=== EXERCISE ===
Beginning with the line below that contains "12V protection" and ending with the line that contains "## Commit log", retype every line exactly. Pictures are not copied.

=== SUPPLIED DATA ===
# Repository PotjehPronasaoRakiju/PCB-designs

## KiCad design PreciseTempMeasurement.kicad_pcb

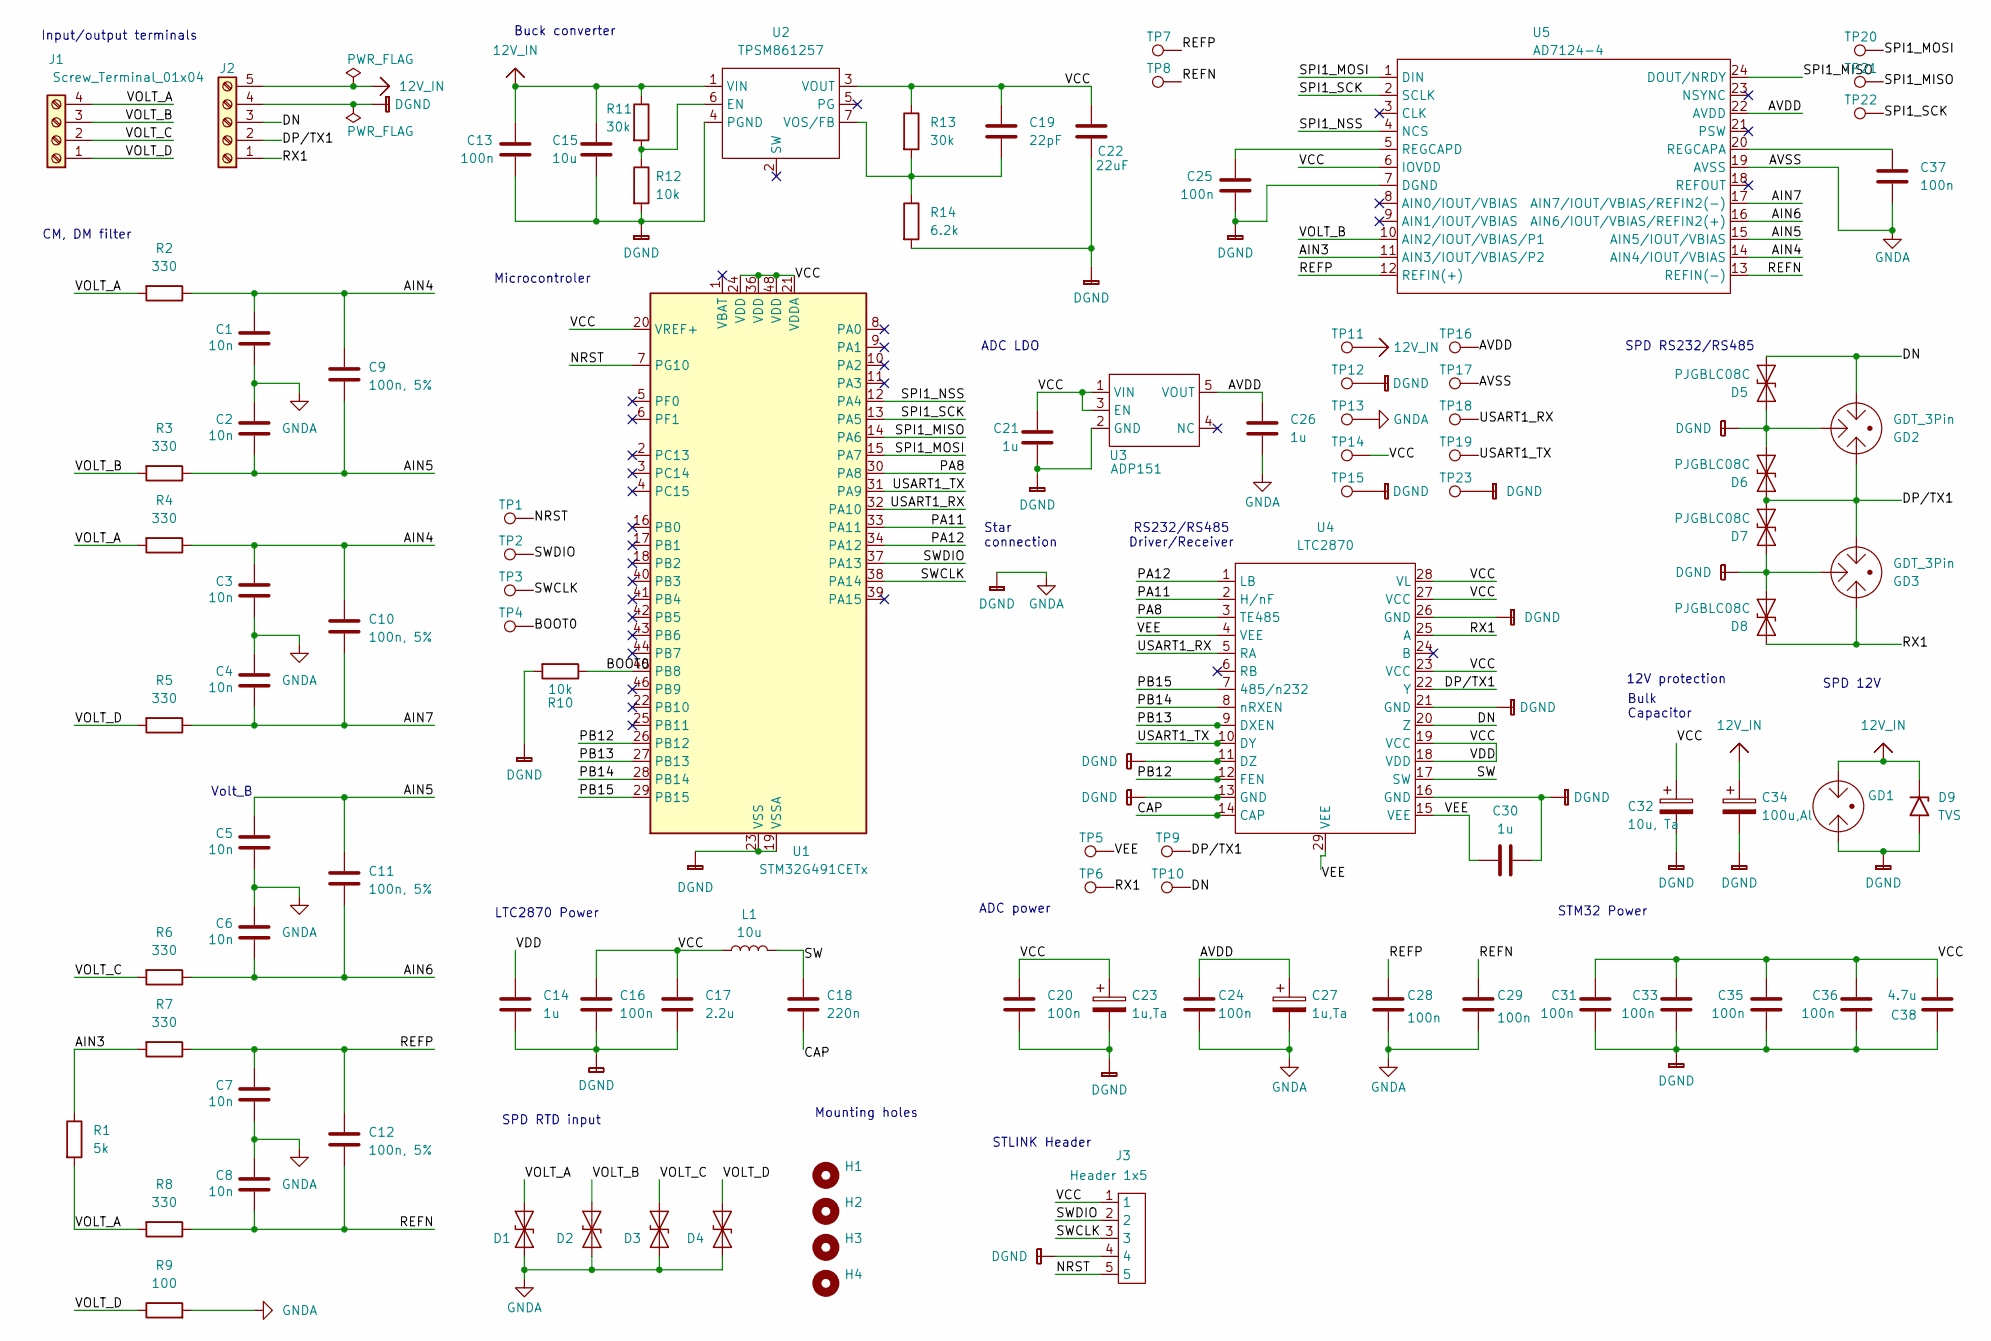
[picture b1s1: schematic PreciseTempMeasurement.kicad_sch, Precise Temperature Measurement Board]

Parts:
C1, C2, C3, C4, C5, C6, C7, C8: 10n; 0805; Part no. 581-08051C103J4Z2A
C9, C10, C11, C12: 100n, 5%; 0805; Part no. 77-VJ0805Y104JXARBC
C13, C16, C20, C24, C25, C28, C29, C31, C33, C35, C36, C37: 100n; 0603; Part no. 603-CC603KRX5R9BB104
C14, C21, C26, C30: 1u; 0805; Part no. 791-0805X105K250CT
C15: 10u; 1206; Part no. 963-TMK316BJ106KL-T
C17: 2.2u; 0805; Part no. 603-CC805KRX5R7BB225
C18: 220n; 0805; Part no. 603-CC805KRX7R8BB224
C19: 22pF; 0805; Part no. 77-VJ0805A220KXAMC
C22: 22uF; 1206; Part no. 581-KGM31AR70J226KU
C23, C27: 1u,Ta; 0603_pol; Part no. 74-TMCJ1C105MTRF
C32: 10u, Ta; 0805; Part no. 74-293D106X0010A2TE3
C34: 100u,Al; Radial; Part no. 232-25YXM100MEFR63X1
C38: 4.7u; 0805; Part no. 187-CL21A475KAQNNNE
D1, D2, D3, D4: ESDL2012MX4T5G; X4DFN-2; Part no. 863-ESDL2012MX4T5G
D5, D6, D7, D8: PJGBLC08C; SOD23; Part no. 241-PJGBLC08CR100001
D9: TVS; DFN-1610-2; Part no. 445-SY205245SLC
GD1: 2049-23; GDT 2 pin; Part no. 652-2049-23-BLF
GD2, GD3: GDT_3Pin; GDT 3 pin; Part no. 652-2046-23-C2LF
H1, H2, H3, H4: MountingHole; Hole 0.125 inch 3.175 mm
J1: Screw_Terminal_01x04; Terminal 1x4; Part no. 710-691244510004
J2: Screw_Terminal_01x05; Terminal 1x5; Part no. 710-691244510005
J3: Header 1x5; Part no. 649-77311-122-05LF
L1: 10u; 0806; Part no. 963-LBC2016T100K
R1: 5k; Resistor_THT; Part no. 71-Z201T5K0000VB
R2, R3, R4, R5, R6, R7, R8: 330; 0805; Part no. 756-WCR0805-330RFI
R9: 100; 0603; Part no. 71-CRCW0603100RFKECC
R10, R12: 10k; 0805; Part no. 603-SR0805KR-0710KL
R11, R13: 30k; 0805; Part no. 603-RT0805DRD0730KL
R14: 6.2k; 0805; Part no. 754-RR1220P-622D
TP1, TP2, TP3, TP4, TP5, TP6, TP7, TP8, TP9, TP10, TP11, TP12, TP13, TP14, TP15, TP16, TP17, TP18, TP19, TP20, TP21, TP22, TP23: TestPoint; Testpoint
U1: STM32G491CETx; QFP50P900X900X160-48N; Part no. 511-STM32G491CET6
U2: TPSM861257; VREG_TPSM861253RDXR; Part no. 595-TPSM861257RDXR
U3: ADP151; UJ_5_ADI; Part no. 584-ADP151AUJZ-3.3R7
U4: LTC2870; TSSOP-28_FE&slash_EB_LIT; Part no. 584-LTC2870IFE#TRPBF
U5: AD7124-4; SOP65P640X120-24N; Part no. 584-AD7124-4BRUZ

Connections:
12V_IN: C13.1, C15.1, C34.1, D9.1 (A1), GD1.3, J2.5, R11.1, TP11.1, U2.1 (VIN)
/AIN3: R1.1, R7.2, U5.11 (AIN3/IOUT/VBIAS/P2)
/AIN4: C1.1, C3.1, C9.1, C10.1, R2.1, R4.1, U5.14 (AIN4/IOUT/VBIAS)
/AIN5: C2.2, C5.1, C9.2, C11.1, R3.1, U5.15 (AIN5/IOUT/VBIAS)
/AIN6: C6.2, C11.2, R6.1, U5.16 (AIN6/IOUT/VBIAS/REFIN2(+))
/AIN7: C4.2, C10.2, R5.1, U5.17 (AIN7/IOUT/VBIAS/REFIN2(-))
/AVDD: C24.1, C26.1, C27.1, TP16.1, U3.5 (VOUT), U5.22 (AVDD)
/BOOT0: R10.1, TP4.1, U1.45 (PB8)
/CAP: C18.2, U4.14 (CAP)
/DN: D5.1 (A1), GD2.3, J2.3, TP10.1, U4.20 (Z)
/DP/TX1: D6.2 (A2), D7.1 (A1), GD2.1, GD3.3, J2.2, TP9.1, U4.22 (Y)
/NRST: J3.5, TP1.1, U1.7 (PG10)
/PA8: U1.30 (PA8), U4.3 (TE485)
/PA11: U1.33 (PA11), U4.2 (H/nF)
/PA12: U1.34 (PA12), U4.1 (LB)
/PB12: U1.26 (PB12), U4.12 (FEN)
/PB13: U1.27 (PB13), U4.9 (DXEN)
/PB14: U1.28 (PB14), U4.8 (nRXEN)
/PB15: U1.29 (PB15), U4.7 (485/n232)
/REFN: C8.2, C12.2, C29.1, R8.1, TP8.1, U5.13 (REFIN(-))
/REFP: C7.1, C12.1, C28.1, R7.1, TP7.1, U5.12 (REFIN(+))
/RX1: D8.2 (A2), GD3.1, J2.1, TP6.1, U4.25 (A)
/SPI1_MISO: TP21.1, U1.14 (PA6), U5.24 (DOUT/NRDY)
/SPI1_MOSI: TP20.1, U1.15 (PA7), U5.1 (DIN)
/SPI1_NSS: U1.12 (PA4), U5.4 (NCS)
/SPI1_SCK: TP22.1, U1.13 (PA5), U5.2 (SCLK)
/SW: C18.1, L1.2, U4.17 (SW)
/SWCLK: J3.3, TP3.1, U1.38 (PA14)
/SWDIO: J3.2, TP2.1, U1.37 (PA13)
/USART1_RX: TP18.1, U1.32 (PA10), U4.5 (RA)
/USART1_TX: TP19.1, U1.31 (PA9), U4.10 (DY)
/VCC: C14.1, C16.1, C17.1, C19.1, C20.1, C21.1, C22.1, C23.1, C31.1, C32.1, C33.1, C35.1, C36.1, C38.2, J3.1, L1.1, R13.1, TP14.1, U1.20 (VREF+), U1.21 (VDDA), U1.24 (VDD), U1.36 (VDD), U1.48 (VDD), U2.3 (VOUT), U2.14, U2.15, U2.16, U2.17, U2.18, U2.19, U3.1 (VIN), U3.3 (EN), U4.18 (VDD), U4.19 (VCC), U4.23 (VCC), U4.27 (VCC), U4.28 (VL), U5.6 (IOVDD)
/VEE: C30.1, TP5.1, U4.4 (VEE), U4.15 (VEE), U4.29 (VEE)
/VOLT_A: D1.1 (A1), J1.4, R1.2, R2.2, R4.2, R8.2
/VOLT_B: D2.1 (A1), J1.3, R3.2, U5.10 (AIN2/IOUT/VBIAS/P1)
/VOLT_C: D3.1 (A1), J1.2, R6.2
/VOLT_D: D4.1 (A1), J1.1, R5.2, R9.1
DGND: C1.2, C2.1, C3.2, C4.1, C5.2, C6.1, C7.2, C8.1, C13.2, C14.2, C15.2, C16.2, C17.2, C20.2, C21.2, C22.2, C23.2, C24.2, C25.2, C26.2, C27.2, C28.2, C29.2, C30.2, C31.2, C32.2, C33.2, C34.2, C35.2, C36.2, C37.2, C38.1, D1.2 (A2), D2.2 (A2), D3.2 (A2), D4.2 (A2), D5.2 (A2), D6.1 (A1), D7.2 (A2), D8.1 (A1), D9.2 (A2), GD1.1, GD2.2, GD3.2, J2.4, J3.4, R9.2, R10.2, R12.2, R14.2, TP12.1, TP13.1, TP15.1, TP17.1, TP23.1, U1.19 (VSSA), U1.23 (VSS), U1.35 (VSS), U1.47 (VSS), U2.4 (PGND), U3.2 (GND), U4.11 (DZ), U4.13 (GND), U4.16 (GND), U4.21 (GND), U4.26 (GND), U5.7 (DGND), U5.19 (AVSS)
unnamed: R11.2, R12.1, U2.6 (EN)
unnamed: C19.2, R13.2, R14.1, U2.7 (VOS/FB)
unnamed: C37.1, U5.20 (REGCAPA)
unnamed: C25.1, U5.5 (REGCAPD)

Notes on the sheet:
Microcontroler
SPD 12V
CM, DM filter
Buck converter
Star connection
SPD RTD input
Mounting holes
RS232/RS485 Driver/Receiver
STLINK Header
Input/output terminals
LTC2870 Power
ADC LDO
SPD RS232/RS485
STM32 Power
ADC power
Bulk Capacitor
12V protection
Volt_B

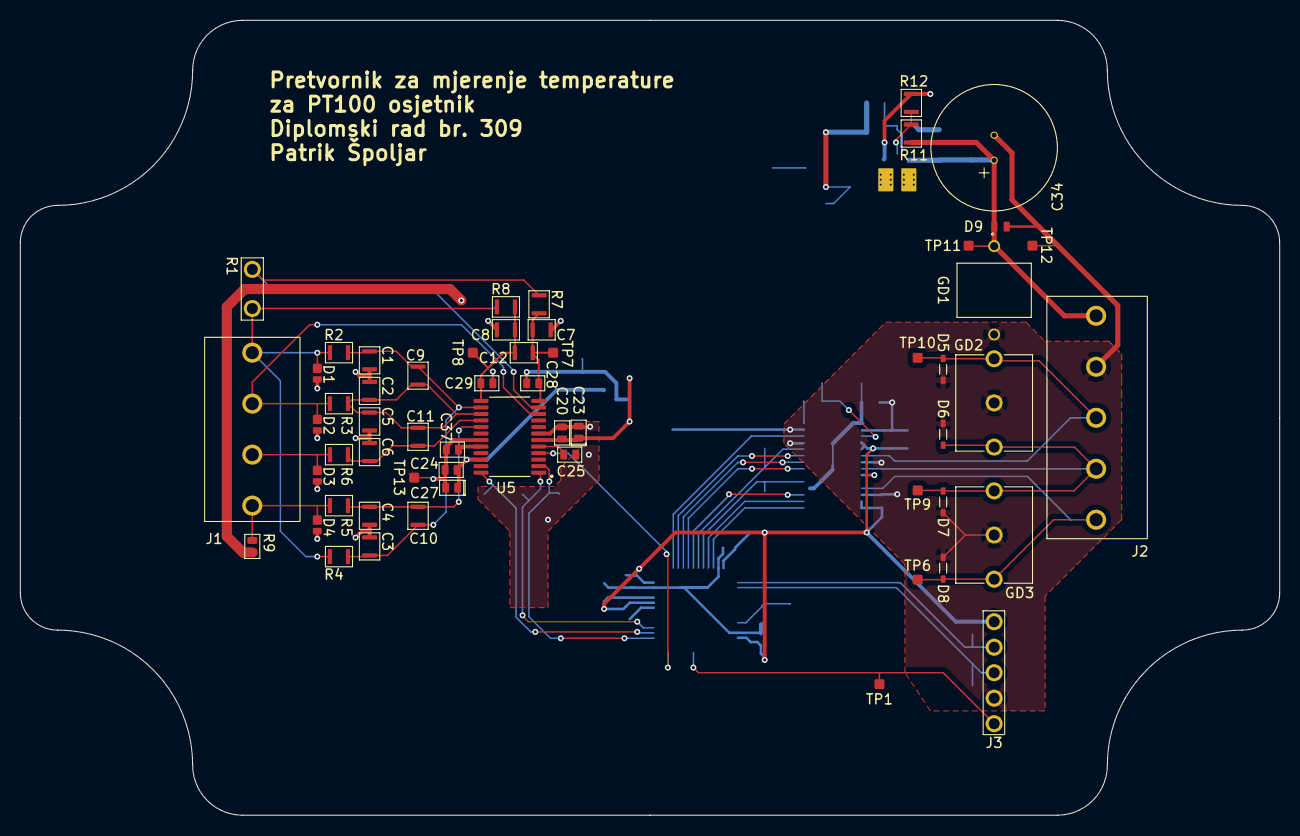
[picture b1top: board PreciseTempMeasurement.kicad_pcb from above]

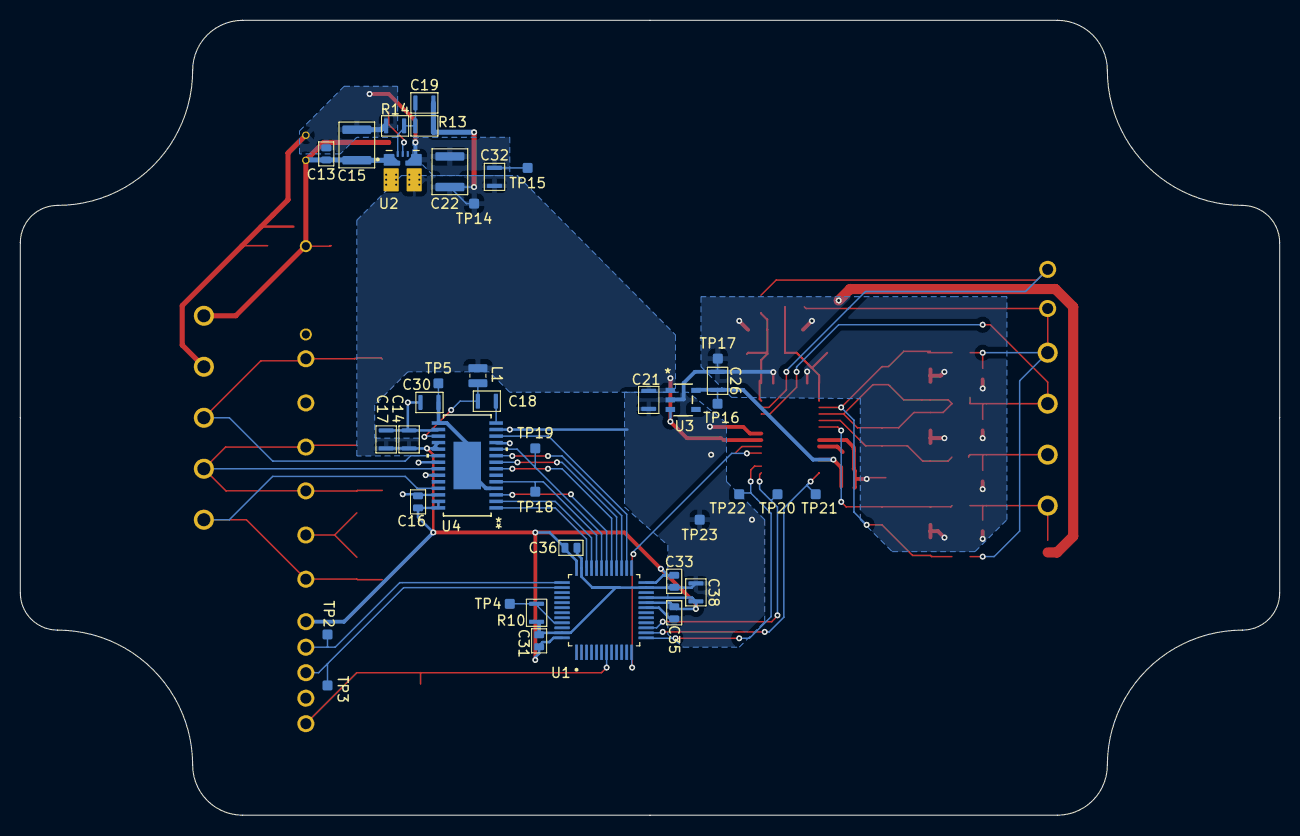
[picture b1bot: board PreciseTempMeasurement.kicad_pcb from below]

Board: 2 copper layers, 125.5 x 79.2 mm, 100 parts (39 on the bottom side), 42 nets.

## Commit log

2026-02-01 Rev A: initial PCB Design
2026-02-01 Delete PreciseTempMeasurement-backups directory
    because of .gitignore error
2026-02-01 Delete ~PreciseTempMeasurement.kicad_sch.lck
    .gitignore error
2026-02-01 Delete PreciseTempMeasurement.zip
    .gitignore error

=== SOLUTION ===
12V protection
Volt_B

[picture b1top: board PreciseTempMeasurement.kicad_pcb from above]

[picture b1bot: board PreciseTempMeasurement.kicad_pcb from below]

Board: 2 copper layers, 125.5 x 79.2 mm, 100 parts (39 on the bottom side), 42 nets.

## Commit log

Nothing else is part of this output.